Prompt -> Reproduce the listing below exactly, minus its pictures.

Material for this task ->
┄┄┄┄┄┄

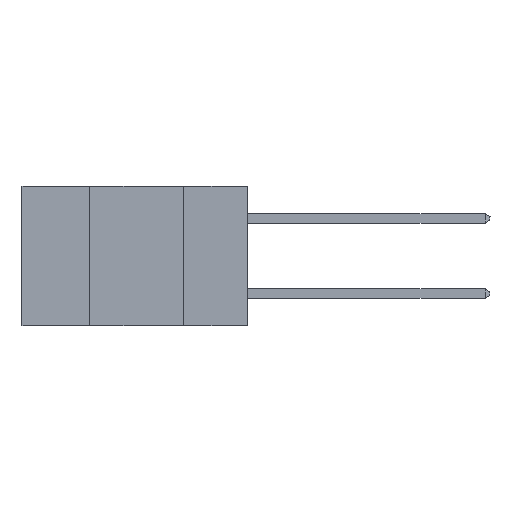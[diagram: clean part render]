
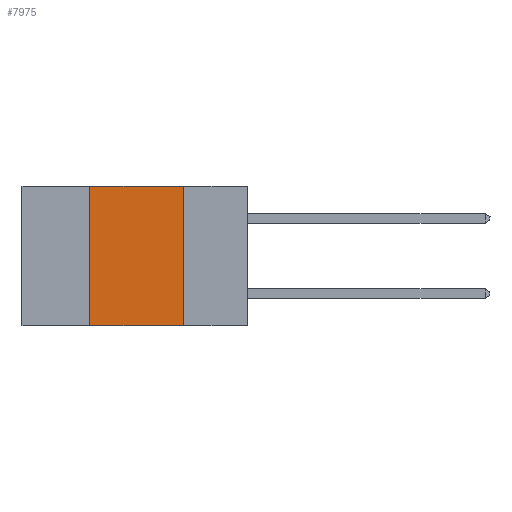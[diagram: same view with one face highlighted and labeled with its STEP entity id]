
A CAD part, left-side view. The second image highlights one B-rep face of the part: STEP entity #7975.
In plain terms, the highlighted planar face has unit normal (-1, 0, 0).
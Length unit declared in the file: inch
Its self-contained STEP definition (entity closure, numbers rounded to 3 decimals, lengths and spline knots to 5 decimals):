
#816 = DIRECTION ( 'NONE',  ( 0., -1., 0. ) ) ;
#1131 = VECTOR ( 'NONE', #14248, 39.37008 ) ;
#1354 = CARTESIAN_POINT ( 'NONE',  ( 0., 0.17, 0. ) ) ;
#2077 = AXIS2_PLACEMENT_3D ( 'NONE', #14946, #12684, #5671 ) ;
#2091 = PLANE ( 'NONE',  #2077 ) ;
#2705 = CARTESIAN_POINT ( 'NONE',  ( 0., 0.17, 0. ) ) ;
#2757 = DIRECTION ( 'NONE',  ( 0., 0., -1. ) ) ;
#2898 = LINE ( 'NONE', #6655, #14089 ) ;
#4205 = VERTEX_POINT ( 'NONE', #1354 ) ;
#4261 = LINE ( 'NONE', #10693, #1131 ) ;
#5671 = DIRECTION ( 'NONE',  ( 0., 0., -1. ) ) ;
#6041 = EDGE_CURVE ( 'NONE', #4205, #9123, #14986, .T. ) ;
#6506 = VERTEX_POINT ( 'NONE', #11519 ) ;
#6655 = CARTESIAN_POINT ( 'NONE',  ( 0., 0.6, 0. ) ) ;
#6948 = CARTESIAN_POINT ( 'NONE',  ( 0., 0.42, 0. ) ) ;
#7524 = EDGE_LOOP ( 'NONE', ( #14388, #11140, #7563, #8151 ) ) ;
#7563 = ORIENTED_EDGE ( 'NONE', *, *, #14990, .F. ) ;
#7975 = ADVANCED_FACE ( 'NONE', ( #11282 ), #2091, .F. ) ;
#8071 = VERTEX_POINT ( 'NONE', #6948 ) ;
#8151 = ORIENTED_EDGE ( 'NONE', *, *, #9171, .T. ) ;
#9123 = VERTEX_POINT ( 'NONE', #15063 ) ;
#9171 = EDGE_CURVE ( 'NONE', #6506, #9123, #9586, .T. ) ;
#9586 = LINE ( 'NONE', #12583, #11964 ) ;
#10693 = CARTESIAN_POINT ( 'NONE',  ( 0., 0.42, 0. ) ) ;
#11140 = ORIENTED_EDGE ( 'NONE', *, *, #11485, .F. ) ;
#11282 = FACE_OUTER_BOUND ( 'NONE', #7524, .T. ) ;
#11485 = EDGE_CURVE ( 'NONE', #8071, #4205, #2898, .T. ) ;
#11519 = CARTESIAN_POINT ( 'NONE',  ( 0., 0.42, -0.37 ) ) ;
#11964 = VECTOR ( 'NONE', #816, 39.37008 ) ;
#12218 = VECTOR ( 'NONE', #2757, 39.37008 ) ;
#12583 = CARTESIAN_POINT ( 'NONE',  ( 0., 0.6, -0.37 ) ) ;
#12684 = DIRECTION ( 'NONE',  ( 1., 0., 0. ) ) ;
#14089 = VECTOR ( 'NONE', #14856, 39.37008 ) ;
#14248 = DIRECTION ( 'NONE',  ( 0., 0., 1. ) ) ;
#14388 = ORIENTED_EDGE ( 'NONE', *, *, #6041, .F. ) ;
#14856 = DIRECTION ( 'NONE',  ( 0., -1., 0. ) ) ;
#14946 = CARTESIAN_POINT ( 'NONE',  ( 0., 0.6, 0. ) ) ;
#14986 = LINE ( 'NONE', #2705, #12218 ) ;
#14990 = EDGE_CURVE ( 'NONE', #6506, #8071, #4261, .T. ) ;
#15063 = CARTESIAN_POINT ( 'NONE',  ( 0., 0.17, -0.37 ) ) ;

┄┄┄┄┄┄

The answer ->
[diagram: clean part render]
[diagram: same view with one face highlighted and labeled with its STEP entity id]
A CAD part, left-side view. The second image highlights one B-rep face of the part: STEP entity #7975.
In plain terms, the highlighted planar face has unit normal (-1, 0, 0).
Length unit declared in the file: inch
Its self-contained STEP definition (entity closure, numbers rounded to 3 decimals, lengths and spline knots to 5 decimals):
#816 = DIRECTION ( 'NONE',  ( 0., -1., 0. ) ) ;
#1131 = VECTOR ( 'NONE', #14248, 39.37008 ) ;
#1354 = CARTESIAN_POINT ( 'NONE',  ( 0., 0.17, 0. ) ) ;
#2077 = AXIS2_PLACEMENT_3D ( 'NONE', #14946, #12684, #5671 ) ;
#2091 = PLANE ( 'NONE',  #2077 ) ;
#2705 = CARTESIAN_POINT ( 'NONE',  ( 0., 0.17, 0. ) ) ;
#2757 = DIRECTION ( 'NONE',  ( 0., 0., -1. ) ) ;
#2898 = LINE ( 'NONE', #6655, #14089 ) ;
#4205 = VERTEX_POINT ( 'NONE', #1354 ) ;
#4261 = LINE ( 'NONE', #10693, #1131 ) ;
#5671 = DIRECTION ( 'NONE',  ( 0., 0., -1. ) ) ;
#6041 = EDGE_CURVE ( 'NONE', #4205, #9123, #14986, .T. ) ;
#6506 = VERTEX_POINT ( 'NONE', #11519 ) ;
#6655 = CARTESIAN_POINT ( 'NONE',  ( 0., 0.6, 0. ) ) ;
#6948 = CARTESIAN_POINT ( 'NONE',  ( 0., 0.42, 0. ) ) ;
#7524 = EDGE_LOOP ( 'NONE', ( #14388, #11140, #7563, #8151 ) ) ;
#7563 = ORIENTED_EDGE ( 'NONE', *, *, #14990, .F. ) ;
#7975 = ADVANCED_FACE ( 'NONE', ( #11282 ), #2091, .F. ) ;
#8071 = VERTEX_POINT ( 'NONE', #6948 ) ;
#8151 = ORIENTED_EDGE ( 'NONE', *, *, #9171, .T. ) ;
#9123 = VERTEX_POINT ( 'NONE', #15063 ) ;
#9171 = EDGE_CURVE ( 'NONE', #6506, #9123, #9586, .T. ) ;
#9586 = LINE ( 'NONE', #12583, #11964 ) ;
#10693 = CARTESIAN_POINT ( 'NONE',  ( 0., 0.42, 0. ) ) ;
#11140 = ORIENTED_EDGE ( 'NONE', *, *, #11485, .F. ) ;
#11282 = FACE_OUTER_BOUND ( 'NONE', #7524, .T. ) ;
#11485 = EDGE_CURVE ( 'NONE', #8071, #4205, #2898, .T. ) ;
#11519 = CARTESIAN_POINT ( 'NONE',  ( 0., 0.42, -0.37 ) ) ;
#11964 = VECTOR ( 'NONE', #816, 39.37008 ) ;
#12218 = VECTOR ( 'NONE', #2757, 39.37008 ) ;
#12583 = CARTESIAN_POINT ( 'NONE',  ( 0., 0.6, -0.37 ) ) ;
#12684 = DIRECTION ( 'NONE',  ( 1., 0., 0. ) ) ;
#14089 = VECTOR ( 'NONE', #14856, 39.37008 ) ;
#14248 = DIRECTION ( 'NONE',  ( 0., 0., 1. ) ) ;
#14388 = ORIENTED_EDGE ( 'NONE', *, *, #6041, .F. ) ;
#14856 = DIRECTION ( 'NONE',  ( 0., -1., 0. ) ) ;
#14946 = CARTESIAN_POINT ( 'NONE',  ( 0., 0.6, 0. ) ) ;
#14986 = LINE ( 'NONE', #2705, #12218 ) ;
#14990 = EDGE_CURVE ( 'NONE', #6506, #8071, #4261, .T. ) ;
#15063 = CARTESIAN_POINT ( 'NONE',  ( 0., 0.17, -0.37 ) ) ;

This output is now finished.